• **ASSIGNMENT**:
Below are several entries. Transcribe exactly those lines that fall from the one with "import ezdxf" through the one with "layer by layer", end lines included.

::: MATERIAL FOR THIS EXERCISE

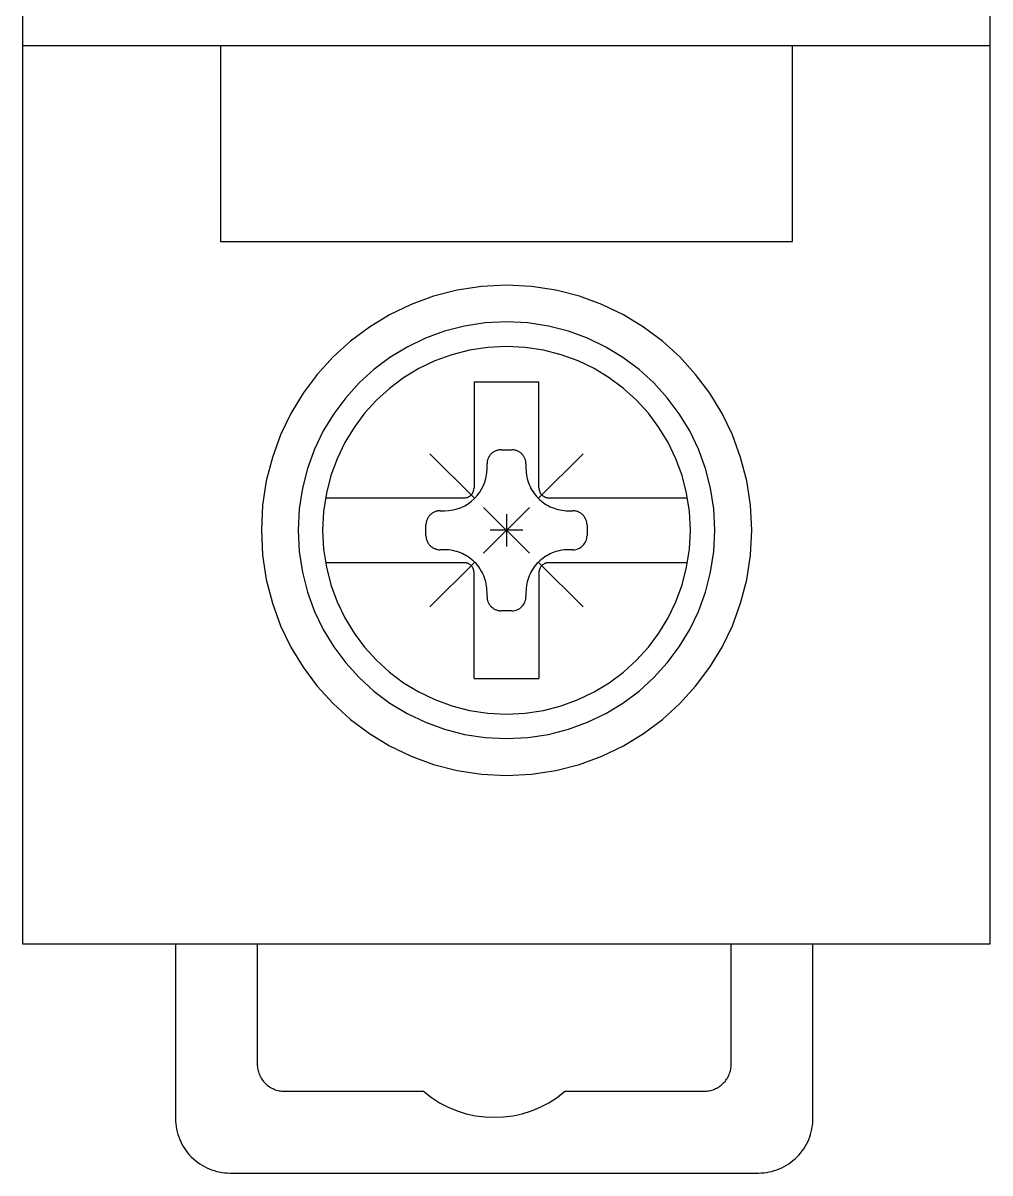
# Model space of a CAD drawing. Header units: millimetres. Extents: x 28713 to 59118, y -54378 to -19615.
# Drawn here: x 38137.52 to 38155.49, y -35099.82 to -35078.45 of the extents above; entities that cross this region are included whole.
import ezdxf

# ---------------------------------------------------------------- set-up
doc = ezdxf.new("R2010")
doc.units = ezdxf.units.MM
doc.header["$LTSCALE"] = 3

msp = doc.modelspace()

# ---------------------------------------------------------------- linework, layer by layer
for p, q in [((38137.522, -35095.57), (38137.522, -35016.089)), ((38155.494, -35016.089), (38155.494, -35095.57)), ((38137.522, -35078.864), (38155.494, -35078.864)), ((38141.193, -35078.864), (38141.193, -35082.509)), ((38151.824, -35082.509), (38151.824, -35078.864)), ((38141.193, -35082.509), (38151.824, -35082.509)), ((38145.59, -35083.411), (38145.153, -35083.524)), ((38146.042, -35083.342), (38145.59, -35083.411)), ((38146.508, -35083.319), (38146.042, -35083.342)), ((38146.974, -35083.342), (38146.508, -35083.319)), ((38146.508, -35083.319), (38146.508, -35083.319)), ((38147.426, -35083.411), (38146.974, -35083.342)), ((38147.863, -35083.524), (38147.426, -35083.411)), ((38144.735, -35083.677), (38144.336, -35083.869)), ((38145.153, -35083.524), (38144.735, -35083.677)), ((38148.282, -35083.677), (38147.863, -35083.524)), ((38148.68, -35083.869), (38148.282, -35083.677)), ((38144.336, -35083.869), (38143.961, -35084.097)), ((38149.056, -35084.097), (38148.68, -35083.869)), ((38143.961, -35084.097), (38143.61, -35084.359)), ((38145.728, -35084.081), (38145.356, -35084.176)), ((38146.112, -35084.022), (38145.728, -35084.081)), ((38146.508, -35084.003), (38146.112, -35084.022)), ((38146.904, -35084.022), (38146.508, -35084.003)), ((38146.508, -35084.003), (38146.508, -35084.003)), ((38147.289, -35084.081), (38146.904, -35084.022)), ((38147.66, -35084.176), (38147.289, -35084.081)), ((38149.406, -35084.359), (38149.056, -35084.097)), ((38145.001, -35084.307), (38144.662, -35084.47)), ((38145.356, -35084.176), (38145.001, -35084.307)), ((38148.016, -35084.307), (38147.66, -35084.176)), ((38148.354, -35084.47), (38148.016, -35084.307)), ((38143.61, -35084.359), (38143.286, -35084.653)), ((38144.662, -35084.47), (38144.343, -35084.664)), ((38145.819, -35084.528), (38145.492, -35084.612)), ((38146.159, -35084.476), (38145.819, -35084.528)), ((38146.508, -35084.458), (38146.159, -35084.476)), ((38146.858, -35084.476), (38146.508, -35084.458)), ((38146.508, -35084.458), (38146.508, -35084.458)), ((38147.197, -35084.528), (38146.858, -35084.476)), ((38147.524, -35084.612), (38147.197, -35084.528)), ((38148.673, -35084.664), (38148.354, -35084.47)), ((38149.73, -35084.653), (38149.406, -35084.359)), ((38143.286, -35084.653), (38142.992, -35084.977)), ((38144.343, -35084.664), (38144.045, -35084.887)), ((38145.178, -35084.727), (38144.879, -35084.87)), ((38145.492, -35084.612), (38145.178, -35084.727)), ((38147.838, -35084.727), (38147.524, -35084.612)), ((38148.137, -35084.87), (38147.838, -35084.727)), ((38148.972, -35084.887), (38148.673, -35084.664)), ((38150.024, -35084.977), (38149.73, -35084.653)), ((38144.045, -35084.887), (38143.77, -35085.137)), ((38144.879, -35084.87), (38144.597, -35085.042)), ((38148.419, -35085.042), (38148.137, -35084.87)), ((38149.247, -35085.137), (38148.972, -35084.887)), ((38142.992, -35084.977), (38142.73, -35085.328)), ((38143.77, -35085.137), (38143.52, -35085.412)), ((38144.597, -35085.042), (38144.334, -35085.238)), ((38145.905, -35085.118), (38145.905, -35087.089)), ((38145.905, -35085.118), (38147.112, -35085.118)), ((38147.112, -35087.089), (38147.112, -35085.118)), ((38148.682, -35085.238), (38148.419, -35085.042)), ((38149.497, -35085.412), (38149.247, -35085.137)), ((38150.286, -35085.328), (38150.024, -35084.977)), ((38142.73, -35085.328), (38142.502, -35085.703)), ((38144.334, -35085.238), (38144.092, -35085.459)), ((38148.925, -35085.459), (38148.682, -35085.238)), ((38150.514, -35085.703), (38150.286, -35085.328)), ((38143.52, -35085.412), (38143.297, -35085.71)), ((38144.092, -35085.459), (38143.871, -35085.701)), ((38149.145, -35085.701), (38148.925, -35085.459)), ((38149.72, -35085.71), (38149.497, -35085.412)), ((38142.502, -35085.703), (38142.31, -35086.102)), ((38143.297, -35085.71), (38143.103, -35086.029)), ((38143.871, -35085.701), (38143.675, -35085.965)), ((38149.342, -35085.965), (38149.145, -35085.701)), ((38149.913, -35086.029), (38149.72, -35085.71)), ((38150.706, -35086.102), (38150.514, -35085.703)), ((38143.103, -35086.029), (38142.94, -35086.368)), ((38143.675, -35085.965), (38143.503, -35086.246)), ((38149.513, -35086.246), (38149.342, -35085.965)), ((38150.077, -35086.368), (38149.913, -35086.029)), ((38142.31, -35086.102), (38142.157, -35086.52)), ((38143.503, -35086.246), (38143.36, -35086.545)), ((38149.657, -35086.545), (38149.513, -35086.246)), ((38150.86, -35086.52), (38150.706, -35086.102)), ((38142.94, -35086.368), (38142.809, -35086.724)), ((38145.086, -35086.453), (38145.905, -35087.272)), ((38146.214, -35086.465), (38146.206, -35086.475)), ((38146.223, -35086.456), (38146.214, -35086.465)), ((38146.232, -35086.446), (38146.223, -35086.456)), ((38146.223, -35086.456), (38146.223, -35086.456)), ((38146.242, -35086.438), (38146.232, -35086.446)), ((38146.252, -35086.43), (38146.242, -35086.438)), ((38146.263, -35086.423), (38146.252, -35086.43)), ((38146.274, -35086.416), (38146.263, -35086.423)), ((38146.285, -35086.409), (38146.274, -35086.416)), ((38146.296, -35086.404), (38146.285, -35086.409)), ((38146.308, -35086.399), (38146.296, -35086.404)), ((38146.32, -35086.394), (38146.308, -35086.399)), ((38146.332, -35086.39), (38146.32, -35086.394)), ((38146.345, -35086.386), (38146.332, -35086.39)), ((38146.357, -35086.384), (38146.345, -35086.386)), ((38146.37, -35086.381), (38146.357, -35086.384)), ((38146.383, -35086.38), (38146.37, -35086.381)), ((38146.396, -35086.379), (38146.383, -35086.38)), ((38146.409, -35086.379), (38146.396, -35086.379)), ((38146.409, -35086.379), (38146.409, -35086.379)), ((38146.409, -35086.379), (38146.608, -35086.379)), ((38146.621, -35086.379), (38146.608, -35086.379)), ((38146.634, -35086.38), (38146.621, -35086.379)), ((38146.646, -35086.381), (38146.634, -35086.38)), ((38146.659, -35086.384), (38146.646, -35086.381)), ((38146.672, -35086.386), (38146.659, -35086.384)), ((38146.684, -35086.39), (38146.672, -35086.386)), ((38146.696, -35086.394), (38146.684, -35086.39)), ((38146.708, -35086.399), (38146.696, -35086.394)), ((38146.72, -35086.404), (38146.708, -35086.399)), ((38146.731, -35086.409), (38146.72, -35086.404)), ((38146.742, -35086.416), (38146.731, -35086.409)), ((38146.753, -35086.423), (38146.742, -35086.416)), ((38146.764, -35086.43), (38146.753, -35086.423)), ((38146.774, -35086.438), (38146.764, -35086.43)), ((38146.784, -35086.446), (38146.774, -35086.438)), ((38146.793, -35086.456), (38146.784, -35086.446)), ((38146.802, -35086.465), (38146.793, -35086.456)), ((38146.793, -35086.456), (38146.793, -35086.456)), ((38146.811, -35086.475), (38146.802, -35086.465)), ((38147.112, -35087.272), (38147.931, -35086.453)), ((38150.207, -35086.724), (38150.077, -35086.368)), ((38142.157, -35086.52), (38142.044, -35086.957)), ((38143.36, -35086.545), (38143.245, -35086.859)), ((38146.147, -35086.628), (38146.146, -35086.641)), ((38146.146, -35086.726), (38146.146, -35086.641)), ((38146.149, -35086.602), (38146.147, -35086.615)), ((38146.147, -35086.615), (38146.147, -35086.628)), ((38146.151, -35086.59), (38146.149, -35086.602)), ((38146.154, -35086.577), (38146.151, -35086.59)), ((38146.157, -35086.565), (38146.154, -35086.577)), ((38146.161, -35086.553), (38146.157, -35086.565)), ((38146.166, -35086.541), (38146.161, -35086.553)), ((38146.171, -35086.529), (38146.166, -35086.541)), ((38146.177, -35086.517), (38146.171, -35086.529)), ((38146.183, -35086.506), (38146.177, -35086.517)), ((38146.19, -35086.495), (38146.183, -35086.506)), ((38146.198, -35086.485), (38146.19, -35086.495)), ((38146.206, -35086.475), (38146.198, -35086.485)), ((38146.819, -35086.485), (38146.811, -35086.475)), ((38146.826, -35086.495), (38146.819, -35086.485)), ((38146.833, -35086.506), (38146.826, -35086.495)), ((38146.839, -35086.517), (38146.833, -35086.506)), ((38146.845, -35086.529), (38146.839, -35086.517)), ((38146.85, -35086.541), (38146.845, -35086.529)), ((38146.855, -35086.553), (38146.85, -35086.541)), ((38146.859, -35086.565), (38146.855, -35086.553)), ((38146.862, -35086.577), (38146.859, -35086.565)), ((38146.865, -35086.59), (38146.862, -35086.577)), ((38146.867, -35086.602), (38146.865, -35086.59)), ((38146.869, -35086.615), (38146.867, -35086.602)), ((38146.87, -35086.628), (38146.869, -35086.615)), ((38146.87, -35086.641), (38146.87, -35086.628)), ((38146.87, -35086.641), (38146.87, -35086.726)), ((38146.87, -35086.641), (38146.87, -35086.641)), ((38149.772, -35086.859), (38149.657, -35086.545)), ((38150.972, -35086.957), (38150.86, -35086.52)), ((38142.809, -35086.724), (38142.714, -35087.095)), ((38143.245, -35086.859), (38143.16, -35087.186)), ((38146.111, -35086.96), (38146.13, -35086.884)), ((38146.13, -35086.884), (38146.142, -35086.806)), ((38146.142, -35086.806), (38146.146, -35086.726)), ((38146.87, -35086.726), (38146.87, -35086.726)), ((38146.87, -35086.726), (38146.871, -35086.765)), ((38146.871, -35086.765), (38146.874, -35086.804)), ((38146.874, -35086.804), (38146.879, -35086.842)), ((38146.879, -35086.842), (38146.885, -35086.88)), ((38146.885, -35086.88), (38146.894, -35086.918)), ((38149.856, -35087.186), (38149.772, -35086.859)), ((38150.302, -35087.095), (38150.207, -35086.724)), ((38142.044, -35086.957), (38141.975, -35087.409)), ((38142.714, -35087.095), (38142.655, -35087.479)), ((38145.901, -35087.126), (38145.904, -35087.108)), ((38145.904, -35087.108), (38145.905, -35087.089)), ((38146.012, -35087.166), (38146.051, -35087.101)), ((38146.051, -35087.101), (38146.084, -35087.032)), ((38146.084, -35087.032), (38146.111, -35086.96)), ((38146.894, -35086.918), (38146.904, -35086.955)), ((38146.904, -35086.955), (38146.916, -35086.991)), ((38146.916, -35086.991), (38146.93, -35087.027)), ((38146.93, -35087.027), (38146.946, -35087.062)), ((38146.946, -35087.062), (38146.963, -35087.096)), ((38146.963, -35087.096), (38146.982, -35087.13)), ((38147.112, -35087.089), (38147.112, -35087.089)), ((38147.112, -35087.089), (38147.112, -35087.098)), ((38147.112, -35087.098), (38147.112, -35087.107)), ((38147.112, -35087.107), (38147.113, -35087.116)), ((38150.361, -35087.479), (38150.302, -35087.095)), ((38151.041, -35087.409), (38150.972, -35086.957)), ((38143.16, -35087.186), (38143.109, -35087.526)), ((38143.145, -35087.272), (38145.723, -35087.272)), ((38145.723, -35087.272), (38145.741, -35087.271)), ((38145.723, -35087.272), (38145.723, -35087.272)), ((38145.741, -35087.271), (38145.759, -35087.268)), ((38145.759, -35087.268), (38145.777, -35087.263)), ((38145.777, -35087.263), (38145.793, -35087.257)), ((38145.793, -35087.257), (38145.809, -35087.25)), ((38145.809, -35087.25), (38145.824, -35087.24)), ((38145.824, -35087.24), (38145.838, -35087.23)), ((38145.838, -35087.23), (38145.851, -35087.218)), ((38145.851, -35087.218), (38145.863, -35087.205)), ((38145.86, -35087.333), (38145.916, -35087.282)), ((38145.863, -35087.205), (38145.874, -35087.191)), ((38145.874, -35087.191), (38145.883, -35087.176)), ((38145.883, -35087.176), (38145.89, -35087.16)), ((38145.89, -35087.16), (38145.897, -35087.143)), ((38145.897, -35087.143), (38145.901, -35087.126)), ((38145.916, -35087.282), (38145.966, -35087.226)), ((38145.966, -35087.226), (38146.012, -35087.166)), ((38146.982, -35087.13), (38147.002, -35087.163)), ((38147.002, -35087.163), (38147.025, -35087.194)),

::::::

• **WRITTEN RESPONSE**:
import ezdxf

# ---------------------------------------------------------------- set-up
doc = ezdxf.new("R2010")
doc.units = ezdxf.units.MM
doc.header["$LTSCALE"] = 3

msp = doc.modelspace()

# ---------------------------------------------------------------- linework, layer by layer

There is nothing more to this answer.